The right to bargain collectively with an employer strengthens the human dignity, freedom and autonomy of workers by giving them the opportunity to influence the definition of labour rules and thus gain some control over an important aspect of their lives, namely their work… Collective bargaining is not just a tool for pursuing external objectives… Rather, it is an experience as an experience of self-management that is in itself valuable… Collective bargaining enables workers to achieve some form of democracy in the workplace and to guarantee the rule of law in the workplace. Workers gain a voice to influence the definition of rules that control an important aspect of their lives. [8] A collective agreement is a written contract between an employer and a union representing the workers. The KBA is the result of a broad negotiation process between the parties on issues such as wages, hours and terms of employment. In the United States, the National Labor Relations Act (1935) covers most collective agreements in the private sector. The Act makes it illegal for employers to discriminate, spy, harass or terminate workers because of their union membership or to retaliate for organizing campaigns or other „concerted activities,“ creating business unions or refusing to engage in collective bargaining with the union that represents their employees. It is also illegal to require any worker to join a union as a condition of employment. [12] Trade unions are also able to ensure safe working conditions and adequate remuneration for their work. In Finland, collective agreements are of general application.

This means that a collective agreement in an industry becomes a general legal minimum for an individual`s employment contract, whether or not he or she is unionized. For this condition to apply, half of the workers in this sector must be unionized and therefore support the agreement. The United States recognizes collective agreements[9] [10] [11] To compare the types of collective bargaining between companies, industrial relations analysis uses different dimensions of collective bargaining: while a collective agreement is in force, it can only be modified by a voluntary and reciprocal agreement. An amendment to the duration of the agreement must be approved by the Labour Council. Once an interim agreement has been reached between the employer and union representatives, each union member has the opportunity to vote in favour of its acceptance or rejection. If at least 50% of union members who vote accept the agreement, it becomes legally binding. If union members do not accept the agreement, the employer and union representatives can continue negotiations. Alternatively, the union may call for a strike vote.

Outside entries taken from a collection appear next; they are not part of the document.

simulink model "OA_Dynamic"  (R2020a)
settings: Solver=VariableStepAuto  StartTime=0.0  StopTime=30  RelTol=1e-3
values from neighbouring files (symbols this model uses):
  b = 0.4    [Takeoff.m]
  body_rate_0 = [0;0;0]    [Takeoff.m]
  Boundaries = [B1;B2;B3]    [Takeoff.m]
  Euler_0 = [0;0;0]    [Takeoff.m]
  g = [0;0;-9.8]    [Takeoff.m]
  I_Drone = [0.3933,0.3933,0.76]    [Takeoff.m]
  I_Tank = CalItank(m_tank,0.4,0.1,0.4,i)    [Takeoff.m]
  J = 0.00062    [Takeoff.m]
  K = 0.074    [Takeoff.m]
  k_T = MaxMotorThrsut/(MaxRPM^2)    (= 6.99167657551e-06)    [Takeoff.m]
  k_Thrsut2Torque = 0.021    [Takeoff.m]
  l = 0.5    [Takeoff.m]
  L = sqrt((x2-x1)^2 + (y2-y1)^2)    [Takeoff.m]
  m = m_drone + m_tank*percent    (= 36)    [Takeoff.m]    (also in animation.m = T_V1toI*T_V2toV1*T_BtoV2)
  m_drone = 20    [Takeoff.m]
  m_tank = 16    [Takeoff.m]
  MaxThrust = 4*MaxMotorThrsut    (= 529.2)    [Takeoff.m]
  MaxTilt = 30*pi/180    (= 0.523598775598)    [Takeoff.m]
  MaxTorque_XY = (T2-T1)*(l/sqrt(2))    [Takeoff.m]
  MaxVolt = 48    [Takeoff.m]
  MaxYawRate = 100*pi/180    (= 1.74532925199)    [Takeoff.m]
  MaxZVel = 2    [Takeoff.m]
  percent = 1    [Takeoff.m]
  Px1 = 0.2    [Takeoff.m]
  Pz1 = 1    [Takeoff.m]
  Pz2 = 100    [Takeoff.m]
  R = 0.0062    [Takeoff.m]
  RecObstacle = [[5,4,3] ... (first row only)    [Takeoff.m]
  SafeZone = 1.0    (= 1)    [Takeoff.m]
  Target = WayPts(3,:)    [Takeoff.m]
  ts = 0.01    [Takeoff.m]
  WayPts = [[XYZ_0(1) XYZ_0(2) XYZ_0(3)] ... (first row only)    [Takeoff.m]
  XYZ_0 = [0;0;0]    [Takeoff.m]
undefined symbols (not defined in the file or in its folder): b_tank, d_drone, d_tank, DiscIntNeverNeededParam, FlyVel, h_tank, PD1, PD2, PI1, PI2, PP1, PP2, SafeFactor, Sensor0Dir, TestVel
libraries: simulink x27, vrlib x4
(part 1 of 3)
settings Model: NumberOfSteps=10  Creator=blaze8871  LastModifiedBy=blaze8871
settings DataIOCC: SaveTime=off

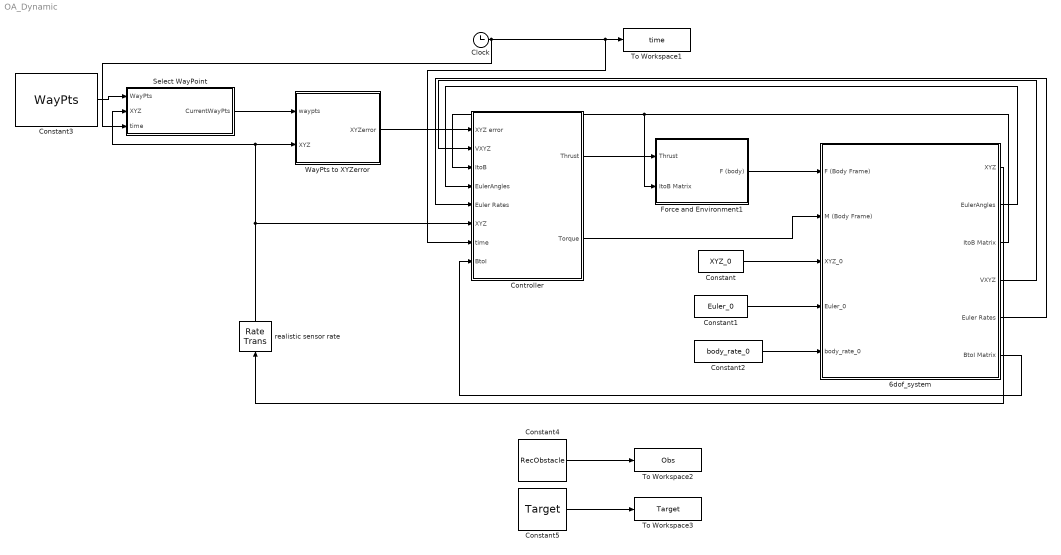
== system OA_Dynamic ==
  6dof_system : Subsystem
  Clock : Clock
  Constant : Constant  Value=XYZ_0  SampleTime=-1
  Constant1 : Constant  Value=Euler_0  SampleTime=-1
  Constant2 : Constant  Value=body_rate_0  SampleTime=-1
  Constant3 : Constant  Value=WayPts
  Constant4 : Constant  Value=RecObstacle
  Constant5 : Constant  Value=Target
  Controller : Subsystem
  Force and Environment1 : Subsystem
  Select WayPoint : Subsystem
  To Workspace1 : ToWorkspace  VariableName=time  SampleTime=ts
  To Workspace2 : ToWorkspace  VariableName=Obs  SampleTime=1000
  To Workspace3 : ToWorkspace  VariableName=Target  SampleTime=1000
  WayPts to XYZerror : MATLAB Function  TreatAsAtomicUnit=on
  realistic sensor rate : RateTransition  OutPortSampleTime=ts
  wires:
  Constant/1 -> 6dof_system/3(XYZ_0)
  Constant1/1 -> 6dof_system/4(Euler_0)
  Constant2/1 -> 6dof_system/5(body_rate_0)
  6dof_system/1(XYZ) -> realistic sensor rate/1
  6dof_system/2(EulerAngles) -> Controller/4(EulerAngles)
  WayPts to XYZerror/1(XYZerror) -> Controller/1(XYZ error)
  6dof_system/4(VXYZ) -> Controller/2(VXYZ)
  6dof_system/5(Euler Rates) -> Controller/5(Euler Rates)
  6dof_system/3(ItoB Matrix) -> Force and Environment1/2(ItoB Matrix), Controller/3(ItoB)
  Clock/1 -> Select WayPoint/3(time), Controller/7(time), To Workspace1/1
  Constant3/1 -> Select WayPoint/1(WayPts)
  realistic sensor rate/1 -> Select WayPoint/2(XYZ), WayPts to XYZerror/2(XYZ), Controller/6(XYZ)
  Select WayPoint/1(CurrentWayPts) -> WayPts to XYZerror/1(waypts)
  6dof_system/6(BtoI Matrix) -> Controller/8(BtoI)
  Controller/1(Thrust) -> Force and Environment1/1(Thrust)
  Force and Environment1/1(F (body)) -> 6dof_system/1(F (Body Frame))
  Controller/2(Torque) -> 6dof_system/2(M (Body Frame))
  Constant4/1 -> To Workspace2/1
  Constant5/1 -> To Workspace3/1

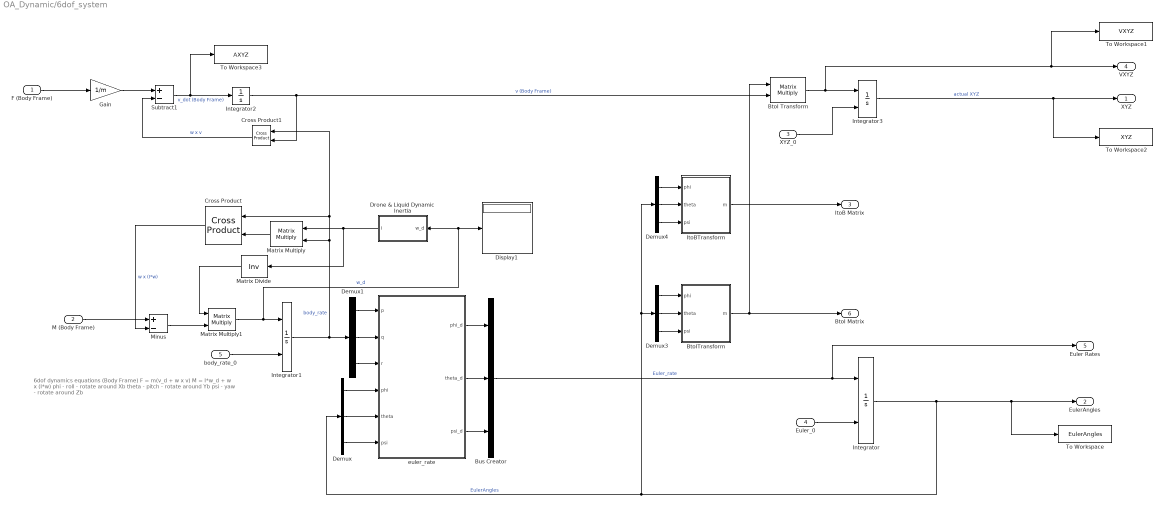
== system OA_Dynamic/6dof_system ==
  note: 6dof dynamics equations
      | (Body Frame)
      |
      | F = m(v_d + w x v)
      | M = I*w_d + w x (I*w)
      |
      | phi - roll - rotate around Xb
      | theta - pitch - rotate around Yb
      | psi - yaw - rotate around Zb
  F (Body Frame) : Inport
  M (Body Frame) : Inport  Port=2
  XYZ_0 : Inport  Port=3
  Euler_0 : Inport  Port=4
  body_rate_0 : Inport  Port=5
  BtoI Transform : Product  Multiplication=Matrix(*)
  BtoITransform : MATLAB Function  TreatAsAtomicUnit=on
  Bus Creator : BusCreator  Inputs=3
  Cross Product : vrlib/Utilities/Cross Product
  Cross Product1 : vrlib/Utilities/Cross Product
  Demux{,1,3..4} (4 alike) : Demux  Outputs=3
  Display1 : Display
  Drone & Liquid Dynamic Inertia : Subsystem
  Gain : Gain  Gain=1/m
  Integrator : Integrator  InitialConditionSource=external  ContinuousStateAttributes='EulerAngle'
  Integrator1 : Integrator  InitialConditionSource=external  ContinuousStateAttributes='EulerAngle'
  Integrator2 : Integrator
  Integrator3 : Integrator  InitialConditionSource=external
  ItoBTransform : MATLAB Function  TreatAsAtomicUnit=on
  Matrix Divide : Product  Inputs=/  Multiplication=Matrix(*)
  Matrix Multiply : Product  Multiplication=Matrix(*)
  Matrix Multiply1 : Product  Multiplication=Matrix(*)
  Minus : Sum  Inputs=+-
  Subtract1 : Sum  Inputs=+-
  To Workspace : ToWorkspace  VariableName=EulerAngles  SampleTime=ts
  To Workspace1 : ToWorkspace  VariableName=VXYZ  SampleTime=ts
  To Workspace2 : ToWorkspace  VariableName=XYZ  SampleTime=ts
  To Workspace3 : ToWorkspace  VariableName=AXYZ  SampleTime=ts
  euler_rate : MATLAB Function  TreatAsAtomicUnit=on
  XYZ : Outport
  EulerAngles : Outport  Port=2
  ItoB Matrix : Outport  Port=3
  VXYZ : Outport  Port=4
  Euler Rates : Outport  Port=5
  BtoI Matrix : Outport  Port=6
  wires:
  F (Body Frame)/1 -> Gain/1
  Demux4/2 -> ItoBTransform/2(theta)
  euler_rate/1(phi_d) -> Bus Creator/1
  BtoITransform/1(m) -> BtoI Matrix/1, BtoI Transform/1
  Bus Creator/1 -> Euler Rates/1, Integrator/1  "Euler_rate"
  Matrix Multiply/1 -> Cross Product/2
  Demux3/2 -> BtoITransform/2(theta)
  Demux/2 -> euler_rate/5(theta)
  Demux4/1 -> ItoBTransform/1(phi)
  Subtract1/1 -> To Workspace3/1, Integrator2/1  "v_dot (Body Frame)"
  Cross Product1/1 -> Subtract1/2  "w x v"
  Demux1/1 -> euler_rate/1(p)
  Demux/3 -> euler_rate/6(psi)
  euler_rate/2(theta_d) -> Bus Creator/2
  Euler_0/1 -> Integrator/2
  Integrator3/1 -> To Workspace2/1, XYZ/1  "actual XYZ"
  Cross Product/1 -> Minus/2  "w x (I*w)"
  M (Body Frame)/1 -> Minus/1
  body_rate_0/1 -> Integrator1/2
  Demux3/3 -> BtoITransform/3(psi)
  euler_rate/3(psi_d) -> Bus Creator/3
  Demux4/3 -> ItoBTransform/3(psi)
  Gain/1 -> Subtract1/1
  Demux3/1 -> BtoITransform/1(phi)
  Demux1/3 -> euler_rate/3(r)
  XYZ_0/1 -> Integrator3/2
  Demux/1 -> euler_rate/4(phi)
  Integrator2/1 -> Cross Product1/2, BtoI Transform/2  "v (Body Frame)"
  Integrator1/1 -> Cross Product1/1, Cross Product/1, Matrix Multiply/2, Demux1/1  "body_rate"
  Demux1/2 -> euler_rate/2(q)
  ItoBTransform/1(m) -> ItoB Matrix/1
  BtoI Transform/1 -> To Workspace1/1, VXYZ/1, Integrator3/1
  Minus/1 -> Matrix Multiply1/2
  Matrix Multiply1/1 -> Integrator1/1, Display1/1, Drone & Liquid Dynamic Inertia/1(w_d)  "w_d"
  Integrator/1 -> To Workspace/1, EulerAngles/1, Demux4/1, Demux3/1, Demux/1  "EulerAngles"
  Drone & Liquid Dynamic Inertia/1(I) -> Matrix Divide/1, Matrix Multiply/1
  Matrix Divide/1 -> Matrix Multiply1/1

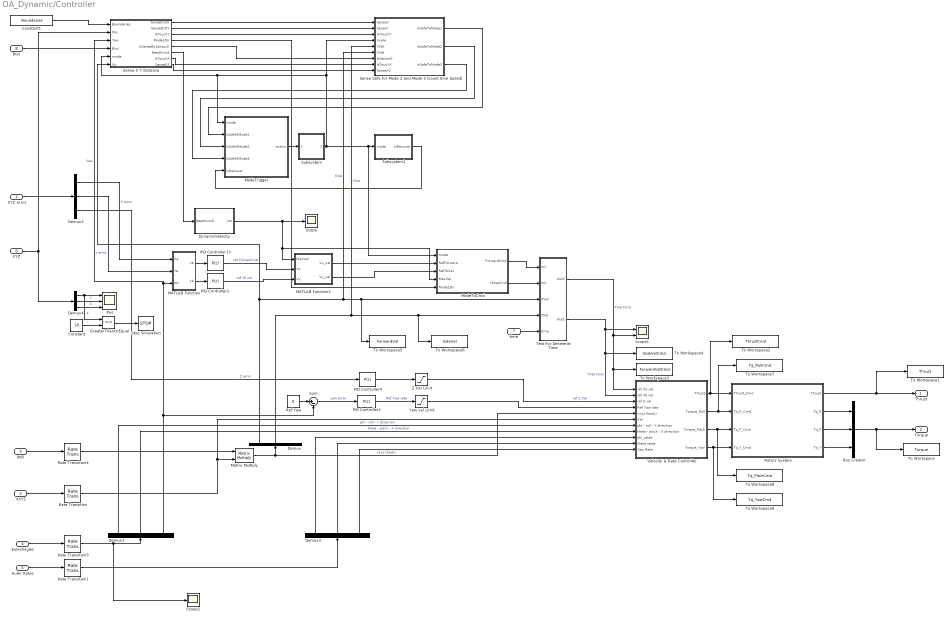
== system OA_Dynamic/Controller ==
  XYZ error : Inport
  VXYZ : Inport  Port=2
  ItoB : Inport  Port=3
  EulerAngles : Inport  Port=4
  Euler Rates : Inport  Port=5
  XYZ : Inport  Port=6
  time : Inport  Port=7
  BtoI : Inport  Port=8
  Bus Creator : BusCreator  Inputs=3
  Constant : Constant  Value=20
  Constant1 : Constant  Value=Boundaries
  Demux{,1..4} (5 alike) : Demux  Outputs=3
  DynamicVelocity : Subsystem
  GreaterThanOrEqual : RelationalOperator  OutDataTypeStr=boolean  RndMeth=Simplest
  MATLAB Function : MATLAB Function  TreatAsAtomicUnit=on
  MATLAB Function2 : MATLAB Function  TreatAsAtomicUnit=on
  Matrix Multiply : Product  Multiplication=Matrix(*)
  ModeToCmd : MATLAB Function  TreatAsAtomicUnit=on
  ModeTrigger : MATLAB Function  TreatAsAtomicUnit=on
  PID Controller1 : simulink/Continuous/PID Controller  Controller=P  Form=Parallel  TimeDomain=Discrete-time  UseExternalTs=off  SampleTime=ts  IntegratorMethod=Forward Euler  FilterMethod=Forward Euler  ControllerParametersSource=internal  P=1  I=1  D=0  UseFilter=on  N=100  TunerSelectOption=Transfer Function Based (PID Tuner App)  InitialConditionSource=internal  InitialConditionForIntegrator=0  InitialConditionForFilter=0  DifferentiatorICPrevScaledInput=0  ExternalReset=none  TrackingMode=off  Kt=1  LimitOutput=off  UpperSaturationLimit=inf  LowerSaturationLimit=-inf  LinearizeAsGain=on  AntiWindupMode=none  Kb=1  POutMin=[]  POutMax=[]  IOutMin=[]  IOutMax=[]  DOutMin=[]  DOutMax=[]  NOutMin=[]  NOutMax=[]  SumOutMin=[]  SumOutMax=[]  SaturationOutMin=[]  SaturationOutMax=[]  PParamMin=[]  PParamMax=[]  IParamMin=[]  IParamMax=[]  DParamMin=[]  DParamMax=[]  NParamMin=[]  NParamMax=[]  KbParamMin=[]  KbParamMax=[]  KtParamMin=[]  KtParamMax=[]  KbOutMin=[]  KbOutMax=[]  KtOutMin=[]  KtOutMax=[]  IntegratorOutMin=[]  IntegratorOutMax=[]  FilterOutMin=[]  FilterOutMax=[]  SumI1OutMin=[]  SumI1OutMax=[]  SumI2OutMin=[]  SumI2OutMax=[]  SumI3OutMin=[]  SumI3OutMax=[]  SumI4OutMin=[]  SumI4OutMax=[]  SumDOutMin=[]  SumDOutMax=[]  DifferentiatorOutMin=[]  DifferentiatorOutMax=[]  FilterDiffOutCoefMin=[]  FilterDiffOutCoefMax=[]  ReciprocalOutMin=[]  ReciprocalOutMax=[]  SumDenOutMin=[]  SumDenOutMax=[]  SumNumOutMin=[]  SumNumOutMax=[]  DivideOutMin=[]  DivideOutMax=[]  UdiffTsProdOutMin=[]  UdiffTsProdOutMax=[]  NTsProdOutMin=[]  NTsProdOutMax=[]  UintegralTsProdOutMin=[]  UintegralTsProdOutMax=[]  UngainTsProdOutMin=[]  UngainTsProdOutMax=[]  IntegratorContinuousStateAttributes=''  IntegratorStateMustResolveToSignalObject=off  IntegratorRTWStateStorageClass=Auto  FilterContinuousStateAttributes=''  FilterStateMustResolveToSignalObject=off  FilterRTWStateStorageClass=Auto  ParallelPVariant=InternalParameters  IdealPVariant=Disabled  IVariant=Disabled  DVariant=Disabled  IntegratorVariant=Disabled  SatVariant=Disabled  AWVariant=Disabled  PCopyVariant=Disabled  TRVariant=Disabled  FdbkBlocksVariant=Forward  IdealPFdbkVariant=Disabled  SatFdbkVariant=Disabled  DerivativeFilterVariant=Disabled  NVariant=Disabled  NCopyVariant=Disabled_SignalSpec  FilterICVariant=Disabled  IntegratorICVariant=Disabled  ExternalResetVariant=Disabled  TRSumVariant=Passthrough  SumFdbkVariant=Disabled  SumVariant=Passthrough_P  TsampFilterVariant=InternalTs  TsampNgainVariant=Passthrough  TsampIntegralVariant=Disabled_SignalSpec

In addition, a strike vote must obtain at least 50% of the vote. Very rarely, if a union cannot obtain ratification or strike authorization, it will waive its right to represent workers. Good faith negotiations are aimed at obtaining collective agreements that are acceptable to both parties. In the absence of agreement, dispute resolution procedures can be used, from conciliation to arbitration to conciliation. In practice, the structure of negotiations in the United Kingdom is very complex. Collective bargaining on behalf of a certain group of workers can take place at more than one level. Some issues can be defined in sectoral negotiations, others by enterprise negotiations, while some issues can be subject to more than one level. If collective bargaining collapses, the parties may refer the matter to a third party for arbitration. If this is not the case, it is possible that a STRIKE or any other form of INDUSTRIAL ACTION may occur. See SINGLE TABLE BARGAINING. The union can negotiate with a single employer (who usually represents a company`s shareholder) or with a group of companies, depending on the country, in order to reach an industry-wide agreement.